WORK REQUEST:
Beginning at the top of the material, repeat each line exactly, and stop once the line with "- net Cin: now also U2.13, U4.10" has been written.

RECORDS FOR THE EXERCISE:
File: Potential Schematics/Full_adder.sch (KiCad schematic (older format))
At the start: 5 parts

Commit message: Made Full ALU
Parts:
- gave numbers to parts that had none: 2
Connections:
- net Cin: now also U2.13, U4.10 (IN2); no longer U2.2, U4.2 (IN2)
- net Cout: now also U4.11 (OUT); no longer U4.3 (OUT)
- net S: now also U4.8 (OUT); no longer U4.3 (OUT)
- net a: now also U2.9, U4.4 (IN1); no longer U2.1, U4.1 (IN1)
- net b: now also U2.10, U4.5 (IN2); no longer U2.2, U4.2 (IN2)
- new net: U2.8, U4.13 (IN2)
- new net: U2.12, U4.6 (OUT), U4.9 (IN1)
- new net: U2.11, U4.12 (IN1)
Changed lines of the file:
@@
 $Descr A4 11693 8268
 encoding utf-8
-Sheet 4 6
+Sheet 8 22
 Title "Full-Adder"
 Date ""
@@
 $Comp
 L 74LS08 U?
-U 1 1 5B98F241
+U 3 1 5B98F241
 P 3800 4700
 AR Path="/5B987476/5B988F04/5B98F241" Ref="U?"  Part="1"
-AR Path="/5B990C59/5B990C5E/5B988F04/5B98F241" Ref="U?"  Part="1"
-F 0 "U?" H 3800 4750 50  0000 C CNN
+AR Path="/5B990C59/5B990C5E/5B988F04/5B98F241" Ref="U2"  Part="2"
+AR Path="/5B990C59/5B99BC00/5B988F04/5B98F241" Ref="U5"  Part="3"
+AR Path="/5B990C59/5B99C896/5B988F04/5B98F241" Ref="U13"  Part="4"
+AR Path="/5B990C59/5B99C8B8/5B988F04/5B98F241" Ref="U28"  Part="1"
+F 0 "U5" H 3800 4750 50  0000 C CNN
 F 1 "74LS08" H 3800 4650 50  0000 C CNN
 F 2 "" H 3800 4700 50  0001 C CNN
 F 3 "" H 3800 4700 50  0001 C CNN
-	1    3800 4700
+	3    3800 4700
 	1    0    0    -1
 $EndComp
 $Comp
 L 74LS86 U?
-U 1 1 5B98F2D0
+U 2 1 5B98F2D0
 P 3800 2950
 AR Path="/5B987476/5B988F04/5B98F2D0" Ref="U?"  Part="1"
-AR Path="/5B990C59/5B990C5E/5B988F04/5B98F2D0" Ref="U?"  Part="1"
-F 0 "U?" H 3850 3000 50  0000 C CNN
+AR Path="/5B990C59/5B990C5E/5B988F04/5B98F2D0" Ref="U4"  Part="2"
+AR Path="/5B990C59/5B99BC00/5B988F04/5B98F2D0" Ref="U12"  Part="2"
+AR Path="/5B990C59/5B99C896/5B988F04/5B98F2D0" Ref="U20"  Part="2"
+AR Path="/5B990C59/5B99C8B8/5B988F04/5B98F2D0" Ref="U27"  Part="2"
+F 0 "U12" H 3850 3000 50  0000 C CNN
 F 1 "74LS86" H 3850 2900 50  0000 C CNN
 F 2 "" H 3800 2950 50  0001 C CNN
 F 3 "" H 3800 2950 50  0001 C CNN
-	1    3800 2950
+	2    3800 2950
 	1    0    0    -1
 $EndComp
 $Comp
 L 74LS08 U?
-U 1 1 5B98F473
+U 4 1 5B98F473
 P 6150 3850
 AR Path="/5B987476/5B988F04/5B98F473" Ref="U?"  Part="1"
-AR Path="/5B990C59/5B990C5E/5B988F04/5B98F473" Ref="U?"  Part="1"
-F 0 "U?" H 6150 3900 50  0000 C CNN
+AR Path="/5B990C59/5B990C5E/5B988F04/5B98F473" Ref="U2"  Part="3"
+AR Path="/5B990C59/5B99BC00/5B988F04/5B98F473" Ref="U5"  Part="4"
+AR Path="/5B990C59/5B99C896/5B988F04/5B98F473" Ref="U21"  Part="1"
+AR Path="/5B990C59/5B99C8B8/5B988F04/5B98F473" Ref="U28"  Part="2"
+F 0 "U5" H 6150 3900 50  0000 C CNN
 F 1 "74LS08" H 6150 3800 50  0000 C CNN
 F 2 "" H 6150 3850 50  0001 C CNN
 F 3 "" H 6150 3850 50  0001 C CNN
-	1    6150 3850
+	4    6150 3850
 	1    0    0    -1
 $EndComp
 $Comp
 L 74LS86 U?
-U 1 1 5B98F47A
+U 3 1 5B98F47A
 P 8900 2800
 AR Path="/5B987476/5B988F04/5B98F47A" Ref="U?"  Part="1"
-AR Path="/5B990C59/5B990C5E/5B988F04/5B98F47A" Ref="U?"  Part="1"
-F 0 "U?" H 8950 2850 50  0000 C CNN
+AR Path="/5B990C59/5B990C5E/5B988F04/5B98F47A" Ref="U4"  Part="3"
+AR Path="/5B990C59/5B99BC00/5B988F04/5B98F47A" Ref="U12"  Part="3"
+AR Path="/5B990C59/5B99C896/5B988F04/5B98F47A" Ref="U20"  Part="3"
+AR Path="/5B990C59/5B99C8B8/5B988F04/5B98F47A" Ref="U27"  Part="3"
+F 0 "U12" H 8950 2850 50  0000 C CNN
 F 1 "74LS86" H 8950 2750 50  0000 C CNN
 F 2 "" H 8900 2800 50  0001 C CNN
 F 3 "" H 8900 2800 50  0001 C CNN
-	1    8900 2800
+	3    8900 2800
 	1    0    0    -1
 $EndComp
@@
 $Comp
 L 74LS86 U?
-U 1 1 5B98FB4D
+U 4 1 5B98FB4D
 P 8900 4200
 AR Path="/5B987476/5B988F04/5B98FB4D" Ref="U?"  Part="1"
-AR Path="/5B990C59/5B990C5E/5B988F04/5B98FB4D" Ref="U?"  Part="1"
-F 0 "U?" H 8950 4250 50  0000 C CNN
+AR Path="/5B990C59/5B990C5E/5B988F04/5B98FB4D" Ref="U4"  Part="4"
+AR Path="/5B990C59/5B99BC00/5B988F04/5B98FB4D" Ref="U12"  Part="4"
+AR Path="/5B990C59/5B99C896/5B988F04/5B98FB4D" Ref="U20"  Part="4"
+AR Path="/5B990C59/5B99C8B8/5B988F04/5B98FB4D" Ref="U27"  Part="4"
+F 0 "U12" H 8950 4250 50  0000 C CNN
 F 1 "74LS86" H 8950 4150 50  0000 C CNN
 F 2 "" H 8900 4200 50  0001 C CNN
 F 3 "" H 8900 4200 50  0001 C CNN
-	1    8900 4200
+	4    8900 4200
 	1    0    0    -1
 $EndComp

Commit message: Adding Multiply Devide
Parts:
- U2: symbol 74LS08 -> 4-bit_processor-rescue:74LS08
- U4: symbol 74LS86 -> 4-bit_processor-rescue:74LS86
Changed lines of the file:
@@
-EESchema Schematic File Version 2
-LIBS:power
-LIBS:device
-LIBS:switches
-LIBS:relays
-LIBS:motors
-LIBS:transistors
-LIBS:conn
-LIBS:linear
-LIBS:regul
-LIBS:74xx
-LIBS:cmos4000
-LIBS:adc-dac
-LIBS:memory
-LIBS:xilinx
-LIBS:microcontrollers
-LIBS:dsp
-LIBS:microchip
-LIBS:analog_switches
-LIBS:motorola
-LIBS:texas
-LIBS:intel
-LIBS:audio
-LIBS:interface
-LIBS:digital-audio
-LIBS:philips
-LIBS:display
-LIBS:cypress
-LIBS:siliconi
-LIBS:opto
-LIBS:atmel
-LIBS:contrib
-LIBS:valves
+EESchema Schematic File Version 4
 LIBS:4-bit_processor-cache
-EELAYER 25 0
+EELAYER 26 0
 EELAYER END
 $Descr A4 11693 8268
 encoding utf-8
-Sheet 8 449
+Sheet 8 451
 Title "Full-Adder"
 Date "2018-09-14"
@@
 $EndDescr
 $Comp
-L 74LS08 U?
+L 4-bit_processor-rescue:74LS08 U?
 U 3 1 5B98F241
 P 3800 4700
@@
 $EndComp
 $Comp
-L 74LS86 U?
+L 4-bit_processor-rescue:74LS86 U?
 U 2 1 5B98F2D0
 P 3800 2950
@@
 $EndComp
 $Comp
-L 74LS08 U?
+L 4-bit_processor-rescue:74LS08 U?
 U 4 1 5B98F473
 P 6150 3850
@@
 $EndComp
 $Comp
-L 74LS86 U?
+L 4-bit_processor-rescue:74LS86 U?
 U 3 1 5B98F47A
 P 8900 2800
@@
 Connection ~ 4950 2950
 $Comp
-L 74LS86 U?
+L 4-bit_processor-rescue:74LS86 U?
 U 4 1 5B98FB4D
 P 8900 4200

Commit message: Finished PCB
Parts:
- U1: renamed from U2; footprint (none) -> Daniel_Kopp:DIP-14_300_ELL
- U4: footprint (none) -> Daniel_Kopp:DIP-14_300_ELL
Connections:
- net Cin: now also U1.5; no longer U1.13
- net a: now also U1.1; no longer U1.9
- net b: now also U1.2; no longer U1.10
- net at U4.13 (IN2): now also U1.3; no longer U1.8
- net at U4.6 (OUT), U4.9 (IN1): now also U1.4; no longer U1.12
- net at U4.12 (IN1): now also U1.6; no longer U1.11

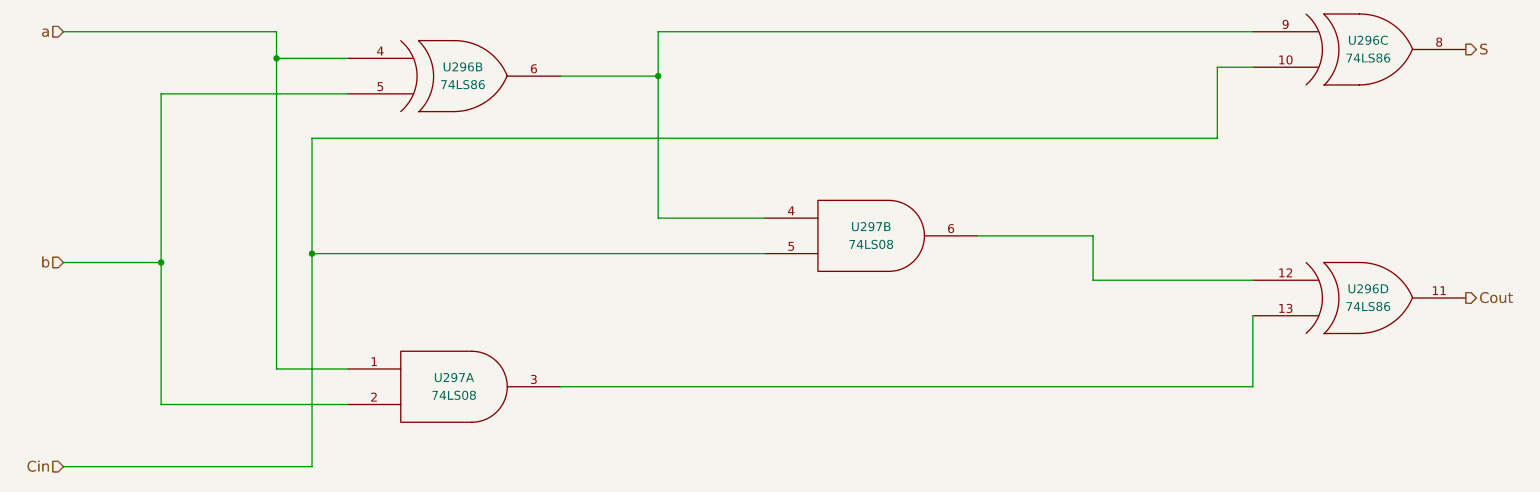
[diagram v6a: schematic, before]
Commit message: Updated overview of Schematic
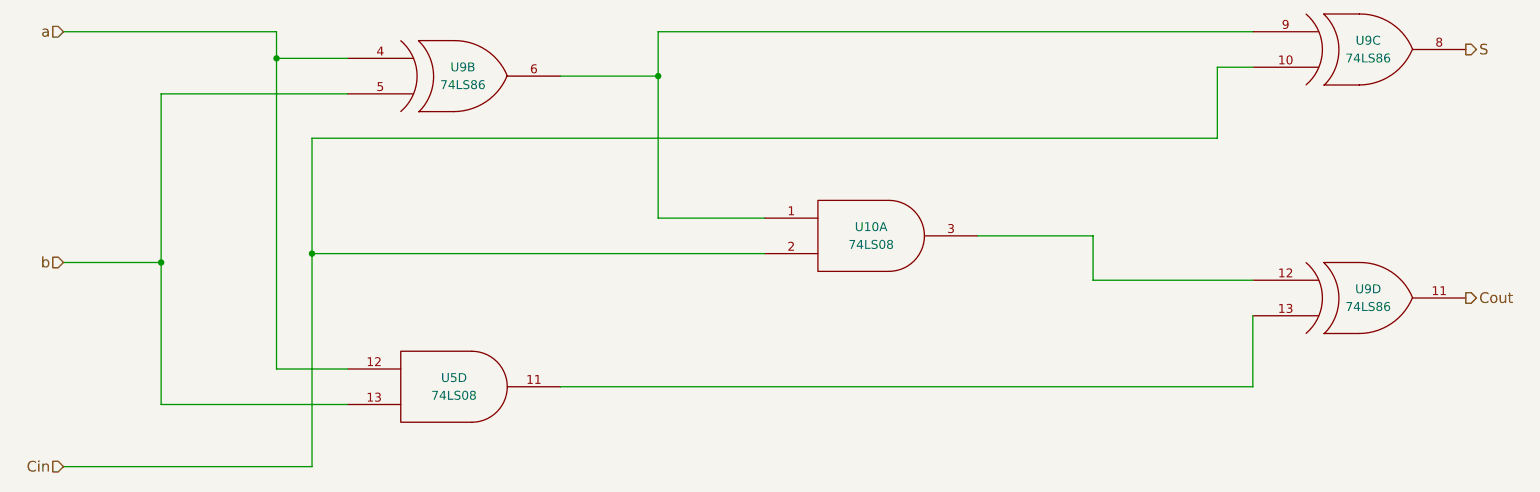
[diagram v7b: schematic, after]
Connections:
- net Cin: now also U1.2; no longer U1.5
- net a: now also U1.12; no longer U1.1
- net b: now also U1.13; no longer U1.2
- net at U4.13 (IN2): now also U1.11; no longer U1.3
- net at U4.6 (OUT), U4.9 (IN1): now also U1.1; no longer U1.4
- net at U4.12 (IN1): now also U1.3; no longer U1.6
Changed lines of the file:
@@
 $Descr A4 11693 8268
 encoding utf-8
-Sheet 452 467
+Sheet 9 902
 Title "Full-Adder"
 Date "2018-09-14"
@@
 $Comp
 L 4-bit_processor-rescue:74LS08 U?
-U 1 1 5B98F241
+U 4 1 5B98F241
 P 3800 4700
 AR Path="/5B987476/5B988F04/5B98F241" Ref="U?"  Part="1"
@@
 AR Path="/5B9D167A/5B9D1E00/5B99C896/5B988F04/5B98F241" Ref="U15"  Part="1"
 AR Path="/5B9D167A/5B9D1E00/5B99C8B8/5B988F04/5B98F241" Ref="U19"  Part="2"
-AR Path="/5B9D167A/5BAA33A0/5BA1B69F/5BA1B9AF/5B98F241" Ref="U291"  Part="3"
-AR Path="/5B9D167A/5BAA33A0/5BA1B69F/5BA1B9B7/5B98F241" Ref="U294"  Part="1"
-AR Path="/5B9D167A/5BAA33A0/5BA1B69F/5BA1B9BF/5B98F241" Ref="U294"  Part="3"
-AR Path="/5B9D167A/5BAA33A0/5BA1B69F/5BA1B9CD/5B98F241" Ref="U297"  Part="1"
-AR Path="/5B9D167A/5BAA33A0/5BAA8A64/5BAA8A92/5B98F241" Ref="U297"  Part="1"
-AR Path="/5B9D167A/5BAA33A0/5BAAD051/5B98F241" Ref="U297"  Part="1"
-F 0 "U297" H 3800 4750 50  0000 C CNN
+AR Path="/5B9D167A/5BAA33A0/5BA1B69F/5BA1B9AF/5B98F241" Ref="U?"  Part="3"
+AR Path="/5B9D167A/5BAA33A0/5BA1B69F/5BA1B9B7/5B98F241" Ref="U?"  Part="1"
+AR Path="/5B9D167A/5BAA33A0/5BA1B69F/5BA1B9BF/5B98F241" Ref="U?"  Part="3"
+AR Path="/5B9D167A/5BAA33A0/5BA1B69F/5BA1B9CD/5B98F241" Ref="U?"  Part="1"
+AR Path="/5B9D167A/5BAA33A0/5BAA8A64/5BAA8A92/5B98F241" Ref="U?"  Part="1"
+AR Path="/5B9D167A/5BAA33A0/5BAAD051/5B98F241" Ref="U?"  Part="1"
+AR Path="/5B9D167A/5BAA33A0/5BAFDB78/5BAFDE3D/5BAAD4A8/5B98F241" Ref="U299"  Part="2"
+AR Path="/5B9D167A/5BAA33A0/5BAFDB78/5BAFDE46/5BABD833/5B98F241" Ref="U299"  Part="4"
+F 0 "U5" H 3800 4750 50  0000 C CNN
 F 1 "74LS08" H 3800 4650 50  0000 C CNN
 F 2 "Daniel_Kopp:DIP-14_300_ELL" H 3800 4700 50  0001 C CNN
 F 3 "" H 3800 4700 50  0001 C CNN
-	1    3800 4700
+	4    3800 4700
 	1    0    0    -1
 $EndComp
@@
 AR Path="/5B9D167A/5B9D1E00/5B99C896/5B988F04/5B98F2D0" Ref="U14"  Part="2"
 AR Path="/5B9D167A/5B9D1E00/5B99C8B8/5B988F04/5B98F2D0" Ref="U20"  Part="2"
-AR Path="/5B9D167A/5BAA33A0/5BA1B69F/5BA1B9AF/5B98F2D0" Ref="U293"  Part="1"
-AR Path="/5B9D167A/5BAA33A0/5BA1B69F/5BA1B9B7/5B98F2D0" Ref="U293"  Part="4"
-AR Path="/5B9D167A/5BAA33A0/5BA1B69F/5BA1B9BF/5B98F2D0" Ref="U295"  Part="3"
-AR Path="/5B9D167A/5BAA33A0/5BA1B69F/5BA1B9CD/5B98F2D0" Ref="U296"  Part="2"
-AR Path="/5B9D167A/5BAA33A0/5BAA8A64/5BAA8A92/5B98F2D0" Ref="U296"  Part="2"
-AR Path="/5B9D167A/5BAA33A0/5BAAD051/5B98F2D0" Ref="U296"  Part="2"
-F 0 "U296" H 3850 3000 50  0000 C CNN
+AR Path="/5B9D167A/5BAA33A0/5BA1B69F/5BA1B9AF/5B98F2D0" Ref="U?"  Part="1"
+AR Path="/5B9D167A/5BAA33A0/5BA1B69F/5BA1B9B7/5B98F2D0" Ref="U?"  Part="4"
+AR Path="/5B9D167A/5BAA33A0/5BA1B69F/5BA1B9BF/5B98F2D0" Ref="U?"  Part="3"
+AR Path="/5B9D167A/5BAA33A0/5BA1B69F/5BA1B9CD/5B98F2D0" Ref="U?"  Part="2"
+AR Path="/5B9D167A/5BAA33A0/5BAA8A64/5BAA8A92/5B98F2D0" Ref="U?"  Part="2"
+AR Path="/5B9D167A/5BAA33A0/5BAAD051/5B98F2D0" Ref="U?"  Part="2"
+AR Path="/5B9D167A/5BAA33A0/5BAFDB78/5BAFDE3D/5BAAD4A8/5B98F2D0" Ref="U300"  Part="1"
+AR Path="/5B9D167A/5BAA33A0/5BAFDB78/5BAFDE46/5BABD833/5B98F2D0" Ref="U300"  Part="4"
+F 0 "U9" H 3850 3000 50  0000 C CNN
 F 1 "74LS86" H 3850 2900 50  0000 C CNN
 F 2 "Daniel_Kopp:DIP-14_300_ELL" H 3800 2950 50  0001 C CNN
@@
 $Comp
 L 4-bit_processor-rescue:74LS08 U?
-U 2 1 5B98F473
+U 1 1 5B98F473
 P 6150 3850
 AR Path="/5B987476/5B988F04/5B98F473" Ref="U?"  Part="1"
@@
 AR Path="/5B9D167A/5B9D1E00/5B99C896/5B988F04/5B98F473" Ref="U15"  Part="2"
 AR Path="/5B9D167A/5B9D1E00/5B99C8B8/5B988F04/5B98F473" Ref="U19"  Part="3"
-AR Path="/5B9D167A/5BAA33A0/5BA1B69F/5BA1B9AF/5B98F473" Ref="U291"  Part="4"
-AR Path="/5B9D167A/5BAA33A0/5BA1B69F/5BA1B9B7/5B98F473" Ref="U294"  Part="2"
-AR Path="/5B9D167A/5BAA33A0/5BA1B69F/5BA1B9BF/5B98F473" Ref="U294"  Part="4"
-AR Path="/5B9D167A/5BAA33A0/5BA1B69F/5BA1B9CD/5B98F473" Ref="U297"  Part="2"
-AR Path="/5B9D167A/5BAA33A0/5BAA8A64/5BAA8A92/5B98F473" Ref="U297"  Part="2"
-AR Path="/5B9D167A/5BAA33A0/5BAAD051/5B98F473" Ref="U297"  Part="2"
-F 0 "U297" H 6150 3900 50  0000 C CNN
+AR Path="/5B9D167A/5BAA33A0/5BA1B69F/5BA1B9AF/5B98F473" Ref="U?"  Part="4"
+AR Path="/5B9D167A/5BAA33A0/5BA1B69F/5BA1B9B7/5B98F473" Ref="U?"  Part="2"
+AR Path="/5B9D167A/5BAA33A0/5BA1B69F/5BA1B9BF/5B98F473" Ref="U?"  Part="4"
+AR Path="/5B9D167A/5BAA33A0/5BA1B69F/5BA1B9CD/5B98F473" Ref="U?"  Part="2"
+AR Path="/5B9D167A/5BAA33A0/5BAA8A64/5BAA8A92/5B98F473" Ref="U?"  Part="2"
+AR Path="/5B9D167A/5BAA33A0/5BAAD051/5B98F473" Ref="U?"  Part="2"
+AR Path="/5B9D167A/5BAA33A0/5BAFDB78/5BAFDE3D/5BAAD4A8/5B98F473" Ref="U299"  Part="3"
+AR Path="/5B9D167A/5BAA33A0/5BAFDB78/5BAFDE46/5BABD833/5B98F473" Ref="U302"  Part="1"
+F 0 "U10" H 6150 3900 50  0000 C CNN
 F 1 "74LS08" H 6150 3800 50  0000 C CNN
 F 2 "Daniel_Kopp:DIP-14_300_ELL" H 6150 3850 50  0001 C CNN
 F 3 "" H 6150 3850 50  0001 C CNN
-	2    6150 3850
+	1    6150 3850
 	1    0    0    -1
 $EndComp
@@
 AR Path="/5B9D167A/5B9D1E00/5B99C896/5B988F04/5B98F47A" Ref="U14"  Part="3"
 AR Path="/5B9D167A/5B9D1E00/5B99C8B8/5B988F04/5B98F47A" Ref="U20"  Part="3"
-AR Path="/5B9D167A/5BAA33A0/5BA1B69F/5BA1B9AF/5B98F47A" Ref="U293"  Part="2"
-AR Path="/5B9D167A/5BAA33A0/5BA1B69F/5BA1B9B7/5B98F47A" Ref="U295"  Part="1"
-AR Path="/5B9D167A/5BAA33A0/5BA1B69F/5BA1B9BF/5B98F47A" Ref="U295"  Part="4"
-AR Path="/5B9D167A/5BAA33A0/5BA1B69F/5BA1B9CD/5B98F47A" Ref="U296"  Part="3"
-AR Path="/5B9D167A/5BAA33A0/5BAA8A64/5BAA8A92/5B98F47A" Ref="U296"  Part="3"
-AR Path="/5B9D167A/5BAA33A0/5BAAD051/5B98F47A" Ref="U296"  Part="3"
-F 0 "U296" H 8950 2850 50  0000 C CNN
+AR Path="/5B9D167A/5BAA33A0/5BA1B69F/5BA1B9AF/5B98F47A" Ref="U?"  Part="2"
+AR Path="/5B9D167A/5BAA33A0/5BA1B69F/5BA1B9B7/5B98F47A" Ref="U?"  Part="1"
+AR Path="/5B9D167A/5BAA33A0/5BA1B69F/5BA1B9BF/5B98F47A" Ref="U?"  Part="4"
+AR Path="/5B9D167A/5BAA33A0/5BA1B69F/5BA1B9CD/5B98F47A" Ref="U?"  Part="3"
+AR Path="/5B9D167A/5BAA33A0/5BAA8A64/5BAA8A92/5B98F47A" Ref="U?"  Part="3"
+AR Path="/5B9D167A/5BAA33A0/5BAAD051/5B98F47A" Ref="U?"  Part="3"
+AR Path="/5B9D167A/5BAA33A0/5BAFDB78/5BAFDE3D/5BAAD4A8/5B98F47A" Ref="U300"  Part="2"
+AR Path="/5B9D167A/5BAA33A0/5BAFDB78/5BAFDE46/5BABD833/5B98F47A" Ref="U303"  Part="1"
+F 0 "U9" H 8950 2850 50  0000 C CNN
 F 1 "74LS86" H 8950 2750 50  0000 C CNN
 F 2 "Daniel_Kopp:DIP-14_300_ELL" H 8900 2800 50  0001 C CNN
@@
 AR Path="/5B9D167A/5B9D1E00/5B99C896/5B988F04/5B98FB4D" Ref="U14"  Part="4"
 AR Path="/5B9D167A/5B9D1E00/5B99C8B8/5B988F04/5B98FB4D" Ref="U20"  Part="4"
-AR Path="/5B9D167A/5BAA33A0/5BA1B69F/5BA1B9AF/5B98FB4D" Ref="U293"  Part="3"
-AR Path="/5B9D167A/5BAA33A0/5BA1B69F/5BA1B9B7/5B98FB4D" Ref="U295"  Part="2"
-AR Path="/5B9D167A/5BAA33A0/5BA1B69F/5BA1B9BF/5B98FB4D" Ref="U296"  Part="1"
-AR Path="/5B9D167A/5BAA33A0/5BA1B69F/5BA1B9CD/5B98FB4D" Ref="U296"  Part="4"
-AR Path="/5B9D167A/5BAA33A0/5BAA8A64/5BAA8A92/5B98FB4D" Ref="U296"  Part="4"
-AR Path="/5B9D167A/5BAA33A0/5BAAD051/5B98FB4D" Ref="U296"  Part="4"
-F 0 "U296" H 8950 4250 50  0000 C CNN
+AR Path="/5B9D167A/5BAA33A0/5BA1B69F/5BA1B9AF/5B98FB4D" Ref="U?"  Part="3"
+AR Path="/5B9D167A/5BAA33A0/5BA1B69F/5BA1B9B7/5B98FB4D" Ref="U?"  Part="2"
+AR Path="/5B9D167A/5BAA33A0/5BA1B69F/5BA1B9BF/5B98FB4D" Ref="U?"  Part="1"
+AR Path="/5B9D167A/5BAA33A0/5BA1B69F/5BA1B9CD/5B98FB4D" Ref="U?"  Part="4"
+AR Path="/5B9D167A/5BAA33A0/5BAA8A64/5BAA8A92/5B98FB4D" Ref="U?"  Part="4"
+AR Path="/5B9D167A/5BAA33A0/5BAAD051/5B98FB4D" Ref="U?"  Part="4"
+AR Path="/5B9D167A/5BAA33A0/5BAFDB78/5BAFDE3D/5BAAD4A8/5B98FB4D" Ref="U300"  Part="3"
+AR Path="/5B9D167A/5BAA33A0/5BAFDB78/5BAFDE46/5BABD833/5B98FB4D" Ref="U303"  Part="2"
+F 0 "U9" H 8950 4250 50  0000 C CNN
 F 1 "74LS86" H 8950 4150 50  0000 C CNN
 F 2 "Daniel_Kopp:DIP-14_300_ELL" H 8900 4200 50  0001 C CNN

REPLY:
File: Potential Schematics/Full_adder.sch (KiCad schematic (older format))
At the start: 5 parts

Commit message: Made Full ALU
Parts:
- gave numbers to parts that had none: 2
Connections:
- net Cin: now also U2.13, U4.10 (IN2); no longer U2.2, U4.2 (IN2)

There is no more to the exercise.